TASK INSTRUCTIONS » If a line in the data below contains the word "Assistant", copy it out.

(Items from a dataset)
- - -
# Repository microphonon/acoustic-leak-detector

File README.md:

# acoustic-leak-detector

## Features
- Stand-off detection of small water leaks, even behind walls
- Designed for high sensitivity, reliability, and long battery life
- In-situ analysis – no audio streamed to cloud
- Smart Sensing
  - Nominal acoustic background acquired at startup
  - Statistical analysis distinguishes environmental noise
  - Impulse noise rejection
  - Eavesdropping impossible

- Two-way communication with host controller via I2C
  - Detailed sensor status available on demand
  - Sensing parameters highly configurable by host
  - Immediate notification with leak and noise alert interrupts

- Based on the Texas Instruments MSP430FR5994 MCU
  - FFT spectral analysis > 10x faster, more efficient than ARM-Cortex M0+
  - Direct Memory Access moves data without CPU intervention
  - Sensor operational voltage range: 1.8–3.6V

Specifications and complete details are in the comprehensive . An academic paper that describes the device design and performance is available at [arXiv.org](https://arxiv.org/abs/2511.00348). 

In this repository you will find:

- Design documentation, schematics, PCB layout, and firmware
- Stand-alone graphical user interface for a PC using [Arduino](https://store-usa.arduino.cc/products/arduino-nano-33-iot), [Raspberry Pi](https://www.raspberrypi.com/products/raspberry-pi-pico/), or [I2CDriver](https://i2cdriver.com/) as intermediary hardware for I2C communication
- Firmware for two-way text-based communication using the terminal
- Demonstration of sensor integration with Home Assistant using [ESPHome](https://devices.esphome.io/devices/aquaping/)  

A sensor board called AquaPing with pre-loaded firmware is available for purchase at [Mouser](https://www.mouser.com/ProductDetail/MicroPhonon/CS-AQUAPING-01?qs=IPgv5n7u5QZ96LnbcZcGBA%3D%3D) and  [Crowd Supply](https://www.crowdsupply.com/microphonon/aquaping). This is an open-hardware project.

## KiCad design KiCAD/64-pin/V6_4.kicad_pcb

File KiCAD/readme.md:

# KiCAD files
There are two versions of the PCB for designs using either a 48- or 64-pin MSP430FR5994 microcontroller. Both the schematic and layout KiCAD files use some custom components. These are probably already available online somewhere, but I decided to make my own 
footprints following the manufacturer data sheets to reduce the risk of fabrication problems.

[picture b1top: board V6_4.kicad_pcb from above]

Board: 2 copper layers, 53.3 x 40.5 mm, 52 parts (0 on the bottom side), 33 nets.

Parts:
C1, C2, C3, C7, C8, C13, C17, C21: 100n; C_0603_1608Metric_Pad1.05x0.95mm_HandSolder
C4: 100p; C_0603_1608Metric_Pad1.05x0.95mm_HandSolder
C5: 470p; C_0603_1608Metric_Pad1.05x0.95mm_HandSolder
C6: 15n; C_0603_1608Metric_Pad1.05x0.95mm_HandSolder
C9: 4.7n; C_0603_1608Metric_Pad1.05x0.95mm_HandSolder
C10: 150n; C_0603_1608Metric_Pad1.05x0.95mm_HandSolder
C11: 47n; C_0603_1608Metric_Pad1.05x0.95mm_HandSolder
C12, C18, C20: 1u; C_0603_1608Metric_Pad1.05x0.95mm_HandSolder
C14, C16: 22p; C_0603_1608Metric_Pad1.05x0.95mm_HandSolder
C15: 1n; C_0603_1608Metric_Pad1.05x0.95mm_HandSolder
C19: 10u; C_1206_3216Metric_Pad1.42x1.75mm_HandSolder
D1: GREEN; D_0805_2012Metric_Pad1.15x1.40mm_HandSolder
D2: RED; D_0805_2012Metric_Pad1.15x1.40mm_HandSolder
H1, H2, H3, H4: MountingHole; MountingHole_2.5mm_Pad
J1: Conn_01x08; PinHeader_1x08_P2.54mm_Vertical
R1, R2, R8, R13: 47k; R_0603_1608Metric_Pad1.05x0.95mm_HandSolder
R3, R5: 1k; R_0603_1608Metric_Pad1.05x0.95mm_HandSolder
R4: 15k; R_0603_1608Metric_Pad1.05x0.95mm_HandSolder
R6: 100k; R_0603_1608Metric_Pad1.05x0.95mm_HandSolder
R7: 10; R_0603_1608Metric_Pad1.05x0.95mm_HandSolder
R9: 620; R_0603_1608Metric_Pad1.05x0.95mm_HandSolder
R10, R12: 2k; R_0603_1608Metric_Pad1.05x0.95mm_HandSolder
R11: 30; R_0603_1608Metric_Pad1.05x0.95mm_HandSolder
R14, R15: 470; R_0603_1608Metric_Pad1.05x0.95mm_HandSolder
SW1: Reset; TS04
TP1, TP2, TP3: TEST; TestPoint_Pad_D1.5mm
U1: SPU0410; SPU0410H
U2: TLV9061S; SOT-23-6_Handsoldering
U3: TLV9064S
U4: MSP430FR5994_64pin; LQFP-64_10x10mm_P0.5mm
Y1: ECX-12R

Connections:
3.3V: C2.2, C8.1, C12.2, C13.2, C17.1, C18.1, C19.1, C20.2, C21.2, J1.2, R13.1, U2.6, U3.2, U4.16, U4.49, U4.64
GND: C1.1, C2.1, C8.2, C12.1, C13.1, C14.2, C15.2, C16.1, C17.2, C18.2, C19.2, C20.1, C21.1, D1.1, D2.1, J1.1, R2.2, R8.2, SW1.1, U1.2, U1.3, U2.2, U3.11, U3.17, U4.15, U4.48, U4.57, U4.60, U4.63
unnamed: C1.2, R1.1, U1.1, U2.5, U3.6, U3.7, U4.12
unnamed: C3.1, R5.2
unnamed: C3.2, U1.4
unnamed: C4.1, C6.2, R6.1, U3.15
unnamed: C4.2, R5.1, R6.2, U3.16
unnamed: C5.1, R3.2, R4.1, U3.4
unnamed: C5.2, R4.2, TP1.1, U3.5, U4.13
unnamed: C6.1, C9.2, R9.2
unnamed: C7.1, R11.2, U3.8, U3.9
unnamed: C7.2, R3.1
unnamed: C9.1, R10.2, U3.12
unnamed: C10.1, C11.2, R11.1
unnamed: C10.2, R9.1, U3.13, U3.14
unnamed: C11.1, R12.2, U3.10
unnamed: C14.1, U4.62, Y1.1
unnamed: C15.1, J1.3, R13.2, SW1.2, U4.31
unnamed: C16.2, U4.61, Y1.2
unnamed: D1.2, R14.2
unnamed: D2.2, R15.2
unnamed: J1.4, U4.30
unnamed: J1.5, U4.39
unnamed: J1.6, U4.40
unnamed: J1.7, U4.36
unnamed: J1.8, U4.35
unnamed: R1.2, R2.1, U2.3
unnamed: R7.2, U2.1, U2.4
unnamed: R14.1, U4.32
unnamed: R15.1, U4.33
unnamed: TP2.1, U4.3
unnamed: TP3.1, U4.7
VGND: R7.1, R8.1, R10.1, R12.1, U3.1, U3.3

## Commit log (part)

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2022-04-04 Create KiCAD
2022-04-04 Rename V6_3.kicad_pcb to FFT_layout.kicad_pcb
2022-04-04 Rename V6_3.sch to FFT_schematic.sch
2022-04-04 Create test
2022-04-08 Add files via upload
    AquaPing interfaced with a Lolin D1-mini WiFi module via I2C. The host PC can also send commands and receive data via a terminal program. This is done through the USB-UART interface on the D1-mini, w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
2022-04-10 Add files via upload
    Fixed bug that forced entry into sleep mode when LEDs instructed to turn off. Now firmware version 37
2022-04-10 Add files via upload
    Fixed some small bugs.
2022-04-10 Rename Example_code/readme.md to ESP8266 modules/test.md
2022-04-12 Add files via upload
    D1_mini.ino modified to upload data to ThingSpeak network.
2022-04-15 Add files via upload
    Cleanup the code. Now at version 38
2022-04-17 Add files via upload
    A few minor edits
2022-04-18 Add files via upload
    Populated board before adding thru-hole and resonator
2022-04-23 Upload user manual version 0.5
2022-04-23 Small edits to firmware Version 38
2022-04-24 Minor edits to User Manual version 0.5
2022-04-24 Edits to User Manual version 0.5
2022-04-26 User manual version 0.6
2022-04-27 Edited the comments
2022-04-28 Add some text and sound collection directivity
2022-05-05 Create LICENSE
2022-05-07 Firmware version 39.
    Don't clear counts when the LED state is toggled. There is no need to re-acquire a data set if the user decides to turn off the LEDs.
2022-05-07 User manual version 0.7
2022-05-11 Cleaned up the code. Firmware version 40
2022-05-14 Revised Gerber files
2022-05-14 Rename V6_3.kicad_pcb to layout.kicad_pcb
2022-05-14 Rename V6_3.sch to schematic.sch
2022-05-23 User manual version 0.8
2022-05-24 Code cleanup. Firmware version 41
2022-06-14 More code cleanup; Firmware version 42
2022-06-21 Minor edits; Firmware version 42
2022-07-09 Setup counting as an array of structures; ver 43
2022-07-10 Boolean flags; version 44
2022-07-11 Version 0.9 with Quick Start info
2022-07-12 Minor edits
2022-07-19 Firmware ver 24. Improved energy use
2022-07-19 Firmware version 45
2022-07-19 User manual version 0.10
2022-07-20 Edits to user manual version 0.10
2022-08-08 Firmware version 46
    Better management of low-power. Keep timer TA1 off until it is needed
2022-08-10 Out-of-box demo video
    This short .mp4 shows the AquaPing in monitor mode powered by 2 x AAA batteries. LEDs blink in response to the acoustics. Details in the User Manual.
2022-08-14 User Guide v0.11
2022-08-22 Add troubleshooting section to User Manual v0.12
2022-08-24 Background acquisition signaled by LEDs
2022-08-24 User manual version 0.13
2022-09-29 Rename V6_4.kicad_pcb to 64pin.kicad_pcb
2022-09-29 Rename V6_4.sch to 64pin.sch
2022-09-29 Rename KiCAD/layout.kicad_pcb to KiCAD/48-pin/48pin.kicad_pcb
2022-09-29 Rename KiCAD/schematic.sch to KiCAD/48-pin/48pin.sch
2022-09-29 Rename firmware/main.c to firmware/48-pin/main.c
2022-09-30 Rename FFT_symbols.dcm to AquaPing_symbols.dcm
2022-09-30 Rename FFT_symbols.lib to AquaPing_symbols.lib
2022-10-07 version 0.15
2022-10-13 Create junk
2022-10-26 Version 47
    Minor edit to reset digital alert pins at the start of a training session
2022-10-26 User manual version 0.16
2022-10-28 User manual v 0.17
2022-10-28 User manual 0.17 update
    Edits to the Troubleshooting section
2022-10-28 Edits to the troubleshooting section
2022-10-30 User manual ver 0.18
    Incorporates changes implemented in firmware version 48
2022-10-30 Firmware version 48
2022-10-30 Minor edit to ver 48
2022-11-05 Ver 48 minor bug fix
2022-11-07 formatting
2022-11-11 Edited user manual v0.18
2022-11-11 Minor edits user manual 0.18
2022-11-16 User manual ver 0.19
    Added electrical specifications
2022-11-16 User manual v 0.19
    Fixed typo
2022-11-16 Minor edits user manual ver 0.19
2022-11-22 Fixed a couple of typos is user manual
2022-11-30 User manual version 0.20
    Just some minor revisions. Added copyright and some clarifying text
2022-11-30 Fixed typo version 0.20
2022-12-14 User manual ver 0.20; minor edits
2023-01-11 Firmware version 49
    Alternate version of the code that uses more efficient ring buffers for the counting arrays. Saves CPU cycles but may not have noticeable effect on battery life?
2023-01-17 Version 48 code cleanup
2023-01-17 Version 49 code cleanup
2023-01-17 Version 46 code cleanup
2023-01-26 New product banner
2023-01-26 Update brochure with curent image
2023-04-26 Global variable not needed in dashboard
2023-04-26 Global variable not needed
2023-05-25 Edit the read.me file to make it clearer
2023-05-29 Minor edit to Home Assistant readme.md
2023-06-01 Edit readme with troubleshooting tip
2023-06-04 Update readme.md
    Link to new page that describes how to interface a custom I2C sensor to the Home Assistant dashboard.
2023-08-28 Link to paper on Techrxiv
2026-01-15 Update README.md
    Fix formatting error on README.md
- - -
RESPONSE TO THE EXERCISE »
- Demonstration of sensor integration with Home Assistant using [ESPHome](https://devices.esphome.io/devices/aquaping/)  
2023-05-29 Minor edit to Home Assistant readme.md
    Link to new page that describes how to interface a custom I2C sensor to the Home Assistant dashboard.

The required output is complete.